Pictures aside, restate the records below exactly as written.

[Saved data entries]
== Segment start ==

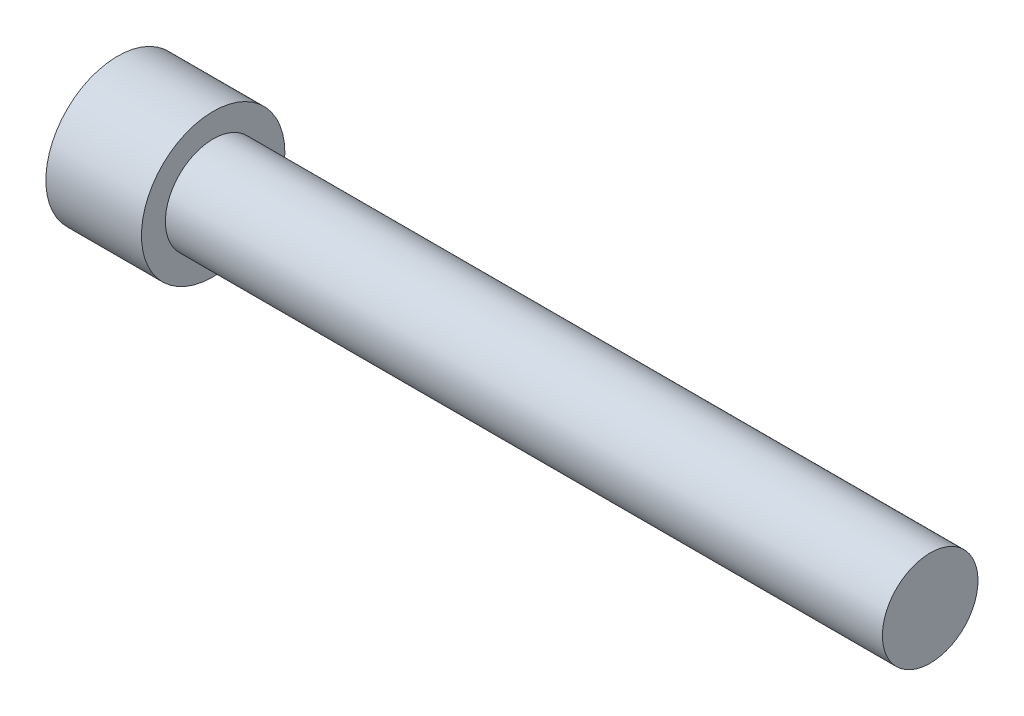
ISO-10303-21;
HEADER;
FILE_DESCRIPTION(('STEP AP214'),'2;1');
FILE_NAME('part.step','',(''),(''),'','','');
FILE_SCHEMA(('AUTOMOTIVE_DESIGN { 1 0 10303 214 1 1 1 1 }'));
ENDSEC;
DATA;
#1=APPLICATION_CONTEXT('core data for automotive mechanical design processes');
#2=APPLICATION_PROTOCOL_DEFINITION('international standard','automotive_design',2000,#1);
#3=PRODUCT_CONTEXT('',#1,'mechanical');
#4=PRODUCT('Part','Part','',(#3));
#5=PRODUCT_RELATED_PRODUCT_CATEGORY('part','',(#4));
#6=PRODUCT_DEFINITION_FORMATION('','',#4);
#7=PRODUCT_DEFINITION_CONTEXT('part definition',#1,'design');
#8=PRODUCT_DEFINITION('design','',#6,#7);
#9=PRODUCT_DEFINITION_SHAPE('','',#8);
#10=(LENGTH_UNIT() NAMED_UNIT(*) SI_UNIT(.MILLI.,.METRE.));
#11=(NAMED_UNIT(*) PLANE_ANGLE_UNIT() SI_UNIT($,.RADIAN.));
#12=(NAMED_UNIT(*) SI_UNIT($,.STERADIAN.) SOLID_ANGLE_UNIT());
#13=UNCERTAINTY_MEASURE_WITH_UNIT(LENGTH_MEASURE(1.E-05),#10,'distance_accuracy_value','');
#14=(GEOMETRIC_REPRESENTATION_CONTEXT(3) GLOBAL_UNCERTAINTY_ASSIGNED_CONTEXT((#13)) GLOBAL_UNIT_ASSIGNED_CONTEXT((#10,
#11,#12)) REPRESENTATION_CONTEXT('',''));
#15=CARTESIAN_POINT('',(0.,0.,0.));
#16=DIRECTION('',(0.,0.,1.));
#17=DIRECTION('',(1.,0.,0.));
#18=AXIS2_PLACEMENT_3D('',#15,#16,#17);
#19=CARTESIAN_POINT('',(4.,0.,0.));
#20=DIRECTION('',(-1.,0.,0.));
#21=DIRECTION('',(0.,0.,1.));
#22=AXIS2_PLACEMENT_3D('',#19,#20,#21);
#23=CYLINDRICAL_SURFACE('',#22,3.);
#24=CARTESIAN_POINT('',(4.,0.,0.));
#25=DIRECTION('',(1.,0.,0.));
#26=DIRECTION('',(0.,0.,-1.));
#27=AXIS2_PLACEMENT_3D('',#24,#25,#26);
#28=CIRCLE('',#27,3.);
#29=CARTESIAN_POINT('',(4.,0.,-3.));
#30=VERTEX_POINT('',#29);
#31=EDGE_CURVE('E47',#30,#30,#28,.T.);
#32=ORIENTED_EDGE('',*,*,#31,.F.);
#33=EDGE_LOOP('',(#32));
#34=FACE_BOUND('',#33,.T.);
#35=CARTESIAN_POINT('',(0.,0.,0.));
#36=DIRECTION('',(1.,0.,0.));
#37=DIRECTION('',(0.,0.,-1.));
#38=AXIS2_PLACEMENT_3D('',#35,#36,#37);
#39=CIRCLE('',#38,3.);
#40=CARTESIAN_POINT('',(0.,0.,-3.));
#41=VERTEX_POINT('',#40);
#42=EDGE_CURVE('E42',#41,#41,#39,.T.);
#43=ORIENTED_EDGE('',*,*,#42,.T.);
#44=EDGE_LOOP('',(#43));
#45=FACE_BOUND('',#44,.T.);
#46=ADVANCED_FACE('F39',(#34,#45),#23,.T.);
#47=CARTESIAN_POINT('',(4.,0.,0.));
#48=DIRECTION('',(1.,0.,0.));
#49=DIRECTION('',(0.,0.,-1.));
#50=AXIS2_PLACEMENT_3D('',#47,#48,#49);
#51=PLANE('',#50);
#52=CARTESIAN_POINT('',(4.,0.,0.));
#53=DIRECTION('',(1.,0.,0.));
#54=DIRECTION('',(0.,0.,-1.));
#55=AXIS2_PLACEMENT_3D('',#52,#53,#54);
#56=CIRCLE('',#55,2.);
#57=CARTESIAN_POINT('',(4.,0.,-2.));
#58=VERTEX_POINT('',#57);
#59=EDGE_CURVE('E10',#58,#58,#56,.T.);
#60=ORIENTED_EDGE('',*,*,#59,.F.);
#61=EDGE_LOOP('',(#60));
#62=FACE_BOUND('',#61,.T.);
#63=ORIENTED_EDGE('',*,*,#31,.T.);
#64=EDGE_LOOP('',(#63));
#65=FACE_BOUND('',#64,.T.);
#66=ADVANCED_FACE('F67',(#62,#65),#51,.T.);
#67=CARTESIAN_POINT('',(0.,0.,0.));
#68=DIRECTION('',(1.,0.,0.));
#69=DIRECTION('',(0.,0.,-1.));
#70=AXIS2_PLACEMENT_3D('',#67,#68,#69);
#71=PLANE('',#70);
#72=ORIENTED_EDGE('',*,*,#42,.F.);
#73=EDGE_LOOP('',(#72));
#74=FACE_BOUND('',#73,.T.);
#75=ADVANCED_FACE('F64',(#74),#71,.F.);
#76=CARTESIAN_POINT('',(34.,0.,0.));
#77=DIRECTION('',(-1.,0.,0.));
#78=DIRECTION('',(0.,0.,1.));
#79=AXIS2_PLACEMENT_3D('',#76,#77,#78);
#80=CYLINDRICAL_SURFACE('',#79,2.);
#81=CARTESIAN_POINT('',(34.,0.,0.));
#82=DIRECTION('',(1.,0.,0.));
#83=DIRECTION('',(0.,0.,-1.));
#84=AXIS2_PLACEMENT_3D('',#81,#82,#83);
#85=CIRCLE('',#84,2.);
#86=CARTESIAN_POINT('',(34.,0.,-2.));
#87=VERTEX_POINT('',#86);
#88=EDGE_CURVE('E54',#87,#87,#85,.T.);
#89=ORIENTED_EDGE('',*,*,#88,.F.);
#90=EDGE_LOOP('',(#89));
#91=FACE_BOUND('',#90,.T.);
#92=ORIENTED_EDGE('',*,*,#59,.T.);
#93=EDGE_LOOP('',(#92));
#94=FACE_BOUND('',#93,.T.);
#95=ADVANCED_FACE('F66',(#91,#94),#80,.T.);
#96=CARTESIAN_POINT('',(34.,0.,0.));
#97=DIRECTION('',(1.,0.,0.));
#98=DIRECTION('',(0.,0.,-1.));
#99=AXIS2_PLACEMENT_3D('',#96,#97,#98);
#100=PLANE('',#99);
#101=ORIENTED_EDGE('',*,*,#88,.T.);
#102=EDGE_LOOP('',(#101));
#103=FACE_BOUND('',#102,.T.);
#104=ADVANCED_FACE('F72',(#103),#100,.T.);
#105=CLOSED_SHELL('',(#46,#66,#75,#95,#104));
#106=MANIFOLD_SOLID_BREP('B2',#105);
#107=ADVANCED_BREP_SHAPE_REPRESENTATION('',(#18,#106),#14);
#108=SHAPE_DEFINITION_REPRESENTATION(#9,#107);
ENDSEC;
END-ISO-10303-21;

== Segment end ==

> [Answer below]:
ISO-10303-21;
HEADER;
FILE_DESCRIPTION(('STEP AP214'),'2;1');
FILE_NAME('part.step','',(''),(''),'','','');
FILE_SCHEMA(('AUTOMOTIVE_DESIGN { 1 0 10303 214 1 1 1 1 }'));
ENDSEC;
DATA;
#1=APPLICATION_CONTEXT('core data for automotive mechanical design processes');
#2=APPLICATION_PROTOCOL_DEFINITION('international standard','automotive_design',2000,#1);
#3=PRODUCT_CONTEXT('',#1,'mechanical');
#4=PRODUCT('Part','Part','',(#3));
#5=PRODUCT_RELATED_PRODUCT_CATEGORY('part','',(#4));
#6=PRODUCT_DEFINITION_FORMATION('','',#4);
#7=PRODUCT_DEFINITION_CONTEXT('part definition',#1,'design');
#8=PRODUCT_DEFINITION('design','',#6,#7);
#9=PRODUCT_DEFINITION_SHAPE('','',#8);
#10=(LENGTH_UNIT() NAMED_UNIT(*) SI_UNIT(.MILLI.,.METRE.));
#11=(NAMED_UNIT(*) PLANE_ANGLE_UNIT() SI_UNIT($,.RADIAN.));
#12=(NAMED_UNIT(*) SI_UNIT($,.STERADIAN.) SOLID_ANGLE_UNIT());
#13=UNCERTAINTY_MEASURE_WITH_UNIT(LENGTH_MEASURE(1.E-05),#10,'distance_accuracy_value','');
#14=(GEOMETRIC_REPRESENTATION_CONTEXT(3) GLOBAL_UNCERTAINTY_ASSIGNED_CONTEXT((#13)) GLOBAL_UNIT_ASSIGNED_CONTEXT((#10,
#11,#12)) REPRESENTATION_CONTEXT('',''));
#15=CARTESIAN_POINT('',(0.,0.,0.));
#16=DIRECTION('',(0.,0.,1.));
#17=DIRECTION('',(1.,0.,0.));
#18=AXIS2_PLACEMENT_3D('',#15,#16,#17);
#19=CARTESIAN_POINT('',(4.,0.,0.));
#20=DIRECTION('',(-1.,0.,0.));
#21=DIRECTION('',(0.,0.,1.));
#22=AXIS2_PLACEMENT_3D('',#19,#20,#21);
#23=CYLINDRICAL_SURFACE('',#22,3.);
#24=CARTESIAN_POINT('',(4.,0.,0.));
#25=DIRECTION('',(1.,0.,0.));
#26=DIRECTION('',(0.,0.,-1.));
#27=AXIS2_PLACEMENT_3D('',#24,#25,#26);
#28=CIRCLE('',#27,3.);
#29=CARTESIAN_POINT('',(4.,0.,-3.));
#30=VERTEX_POINT('',#29);
#31=EDGE_CURVE('E47',#30,#30,#28,.T.);
#32=ORIENTED_EDGE('',*,*,#31,.F.);
#33=EDGE_LOOP('',(#32));
#34=FACE_BOUND('',#33,.T.);
#35=CARTESIAN_POINT('',(0.,0.,0.));
#36=DIRECTION('',(1.,0.,0.));
#37=DIRECTION('',(0.,0.,-1.));
#38=AXIS2_PLACEMENT_3D('',#35,#36,#37);
#39=CIRCLE('',#38,3.);
#40=CARTESIAN_POINT('',(0.,0.,-3.));
#41=VERTEX_POINT('',#40);
#42=EDGE_CURVE('E42',#41,#41,#39,.T.);
#43=ORIENTED_EDGE('',*,*,#42,.T.);
#44=EDGE_LOOP('',(#43));
#45=FACE_BOUND('',#44,.T.);
#46=ADVANCED_FACE('F39',(#34,#45),#23,.T.);
#47=CARTESIAN_POINT('',(4.,0.,0.));
#48=DIRECTION('',(1.,0.,0.));
#49=DIRECTION('',(0.,0.,-1.));
#50=AXIS2_PLACEMENT_3D('',#47,#48,#49);
#51=PLANE('',#50);
#52=CARTESIAN_POINT('',(4.,0.,0.));
#53=DIRECTION('',(1.,0.,0.));
#54=DIRECTION('',(0.,0.,-1.));
#55=AXIS2_PLACEMENT_3D('',#52,#53,#54);
#56=CIRCLE('',#55,2.);
#57=CARTESIAN_POINT('',(4.,0.,-2.));
#58=VERTEX_POINT('',#57);
#59=EDGE_CURVE('E10',#58,#58,#56,.T.);
#60=ORIENTED_EDGE('',*,*,#59,.F.);
#61=EDGE_LOOP('',(#60));
#62=FACE_BOUND('',#61,.T.);
#63=ORIENTED_EDGE('',*,*,#31,.T.);
#64=EDGE_LOOP('',(#63));
#65=FACE_BOUND('',#64,.T.);
#66=ADVANCED_FACE('F67',(#62,#65),#51,.T.);
#67=CARTESIAN_POINT('',(0.,0.,0.));
#68=DIRECTION('',(1.,0.,0.));
#69=DIRECTION('',(0.,0.,-1.));
#70=AXIS2_PLACEMENT_3D('',#67,#68,#69);
#71=PLANE('',#70);
#72=ORIENTED_EDGE('',*,*,#42,.F.);
#73=EDGE_LOOP('',(#72));
#74=FACE_BOUND('',#73,.T.);
#75=ADVANCED_FACE('F64',(#74),#71,.F.);
#76=CARTESIAN_POINT('',(34.,0.,0.));
#77=DIRECTION('',(-1.,0.,0.));
#78=DIRECTION('',(0.,0.,1.));
#79=AXIS2_PLACEMENT_3D('',#76,#77,#78);
#80=CYLINDRICAL_SURFACE('',#79,2.);
#81=CARTESIAN_POINT('',(34.,0.,0.));
#82=DIRECTION('',(1.,0.,0.));
#83=DIRECTION('',(0.,0.,-1.));
#84=AXIS2_PLACEMENT_3D('',#81,#82,#83);
#85=CIRCLE('',#84,2.);
#86=CARTESIAN_POINT('',(34.,0.,-2.));
#87=VERTEX_POINT('',#86);
#88=EDGE_CURVE('E54',#87,#87,#85,.T.);
#89=ORIENTED_EDGE('',*,*,#88,.F.);
#90=EDGE_LOOP('',(#89));
#91=FACE_BOUND('',#90,.T.);
#92=ORIENTED_EDGE('',*,*,#59,.T.);
#93=EDGE_LOOP('',(#92));
#94=FACE_BOUND('',#93,.T.);
#95=ADVANCED_FACE('F66',(#91,#94),#80,.T.);
#96=CARTESIAN_POINT('',(34.,0.,0.));
#97=DIRECTION('',(1.,0.,0.));
#98=DIRECTION('',(0.,0.,-1.));
#99=AXIS2_PLACEMENT_3D('',#96,#97,#98);
#100=PLANE('',#99);
#101=ORIENTED_EDGE('',*,*,#88,.T.);
#102=EDGE_LOOP('',(#101));
#103=FACE_BOUND('',#102,.T.);
#104=ADVANCED_FACE('F72',(#103),#100,.T.);
#105=CLOSED_SHELL('',(#46,#66,#75,#95,#104));
#106=MANIFOLD_SOLID_BREP('B2',#105);
#107=ADVANCED_BREP_SHAPE_REPRESENTATION('',(#18,#106),#14);
#108=SHAPE_DEFINITION_REPRESENTATION(#9,#107);
ENDSEC;
END-ISO-10303-21;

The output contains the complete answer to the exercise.